Zhan Qiugang, Liu Guisong, Xie Xiurui, Tao Ran, Zhang Malu, Tang Huajin
IEEE Trans Image Process. 2024;33:4274-4287. doi: 10.1109/TIP.2024.3430043. Epub 2024 Jul 30.
Recent advances in bio-inspired vision with event cameras and associated spiking neural networks (SNNs) have provided promising solutions for low-power consumption neuromorphic tasks. However, as the research of event cameras is still in its infancy, the amount of labeled event stream data is much less than that of the RGB database. The traditional method of converting static images into event streams by simulation to increase the sample size cannot simulate the characteristics of event cameras such as high temporal resolution. To take advantage of both the rich knowledge in labeled RGB images and the features of the event camera, we propose a transfer learning method from the RGB to the event domain in this paper. Specifically, we first introduce a transfer learning framework named R2ETL (RGB to Event Transfer Learning), including a novel encoding alignment module and a feature alignment module. Then, we introduce the temporal centered kernel alignment (TCKA) loss function to improve the efficiency of transfer learning. It aligns the distribution of temporal neuron states by adding a temporal learning constraint. Finally, we theoretically analyze the amount of data required by the deep neuromorphic model to prove the necessity of our method. Numerous experiments demonstrate that our proposed framework outperforms the state-of-the-art SNN and artificial neural network (ANN) models trained on event streams, including N-MNIST, CIFAR10-DVS and N-Caltech101. This indicates that the R2ETL framework is able to leverage the knowledge of labeled RGB images to help the training of SNN on event streams.
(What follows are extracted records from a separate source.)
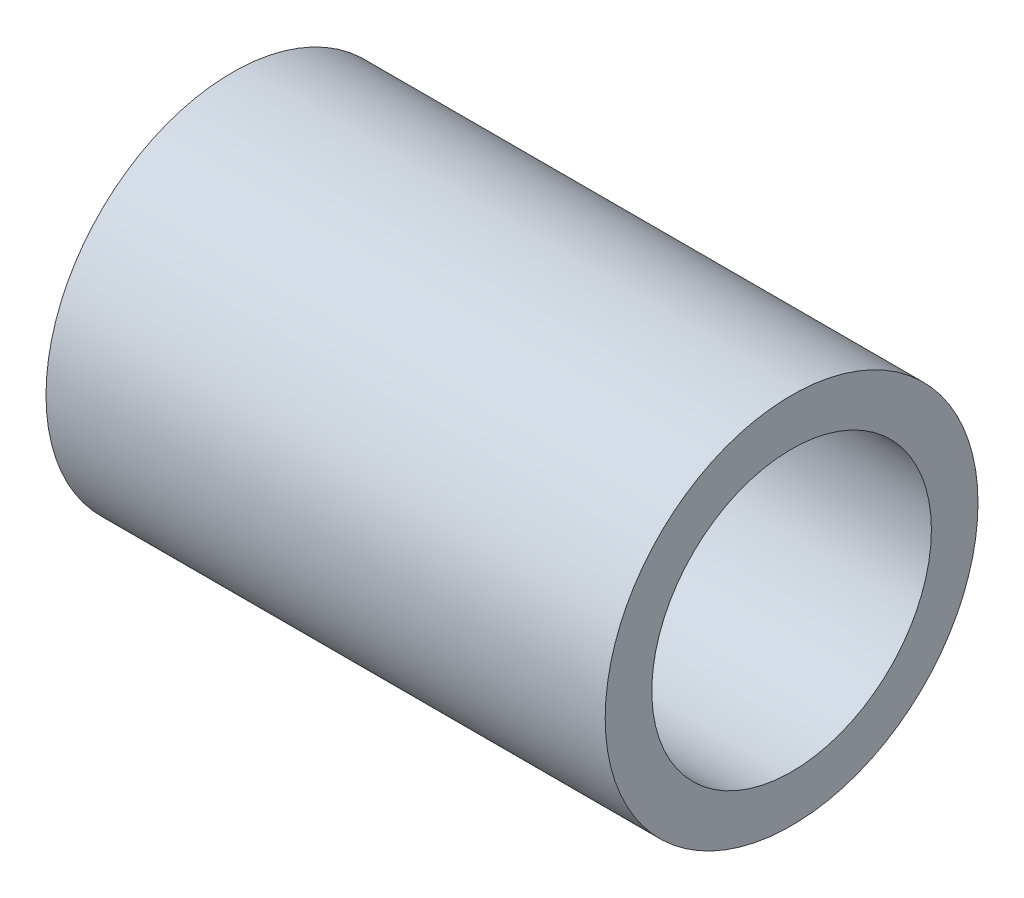
SolidWorks part; units mm, degrees
material "Brass"
ref_plane "Front Plane" through (0, 0, 0) normal (0, 0, 1) x (1, 0, 0)
ref_plane "Top Plane" through (0, 0, 0) normal (0, 1, 0) x (1, 0, 0)
ref_plane "Right Plane" through (0, 0, 0) normal (1, 0, 0) x (0, 0, -1)
sketch "Sketch1" plane through (0, 0, 0) normal (1, 0, 0) x (0, 0, -1)
  circle A0 centre (0, 0) radius 1.5
  circle A1 centre (0, 0) radius 2
  dimension "D1" = 0.5
  dimension "D2" = 3
extrude "Boss-Extrude1" add sketch "Sketch1" along normal blind 6 contours A1 | A0

近期,受生物启发的视觉技术在事件相机及相关脉冲神经网络(SNN)方面取得的进展,为低功耗神经形态任务提供了颇具前景的解决方案。然而,由于事件相机的研究仍处于起步阶段,带标签的事件流数据量远少于RGB数据库。通过模拟将静态图像转换为事件流以增加样本量的传统方法,无法模拟事件相机的高时间分辨率等特性。为了利用带标签的RGB图像中的丰富知识以及事件相机的特性,我们在本文中提出了一种从RGB到事件域的迁移学习方法。具体而言,我们首先引入了一个名为R2ETL(RGB到事件迁移学习)的迁移学习框架,包括一个新颖的编码对齐模块和一个特征对齐模块。然后,我们引入了时间中心核对齐(TCKA)损失函数来提高迁移学习的效率。它通过添加时间学习约束来对齐时间神经元状态的分布。最后,我们从理论上分析了深度神经形态模型所需的数据量,以证明我们方法的必要性。大量实验表明,我们提出的框架优于在事件流上训练的现有SNN和人工神经网络(ANN)模型,包括N-MNIST、CIFAR10-DVS和N-Caltech101。这表明R2ETL框架能够利用带标签的RGB图像的知识来帮助SNN在事件流上进行训练。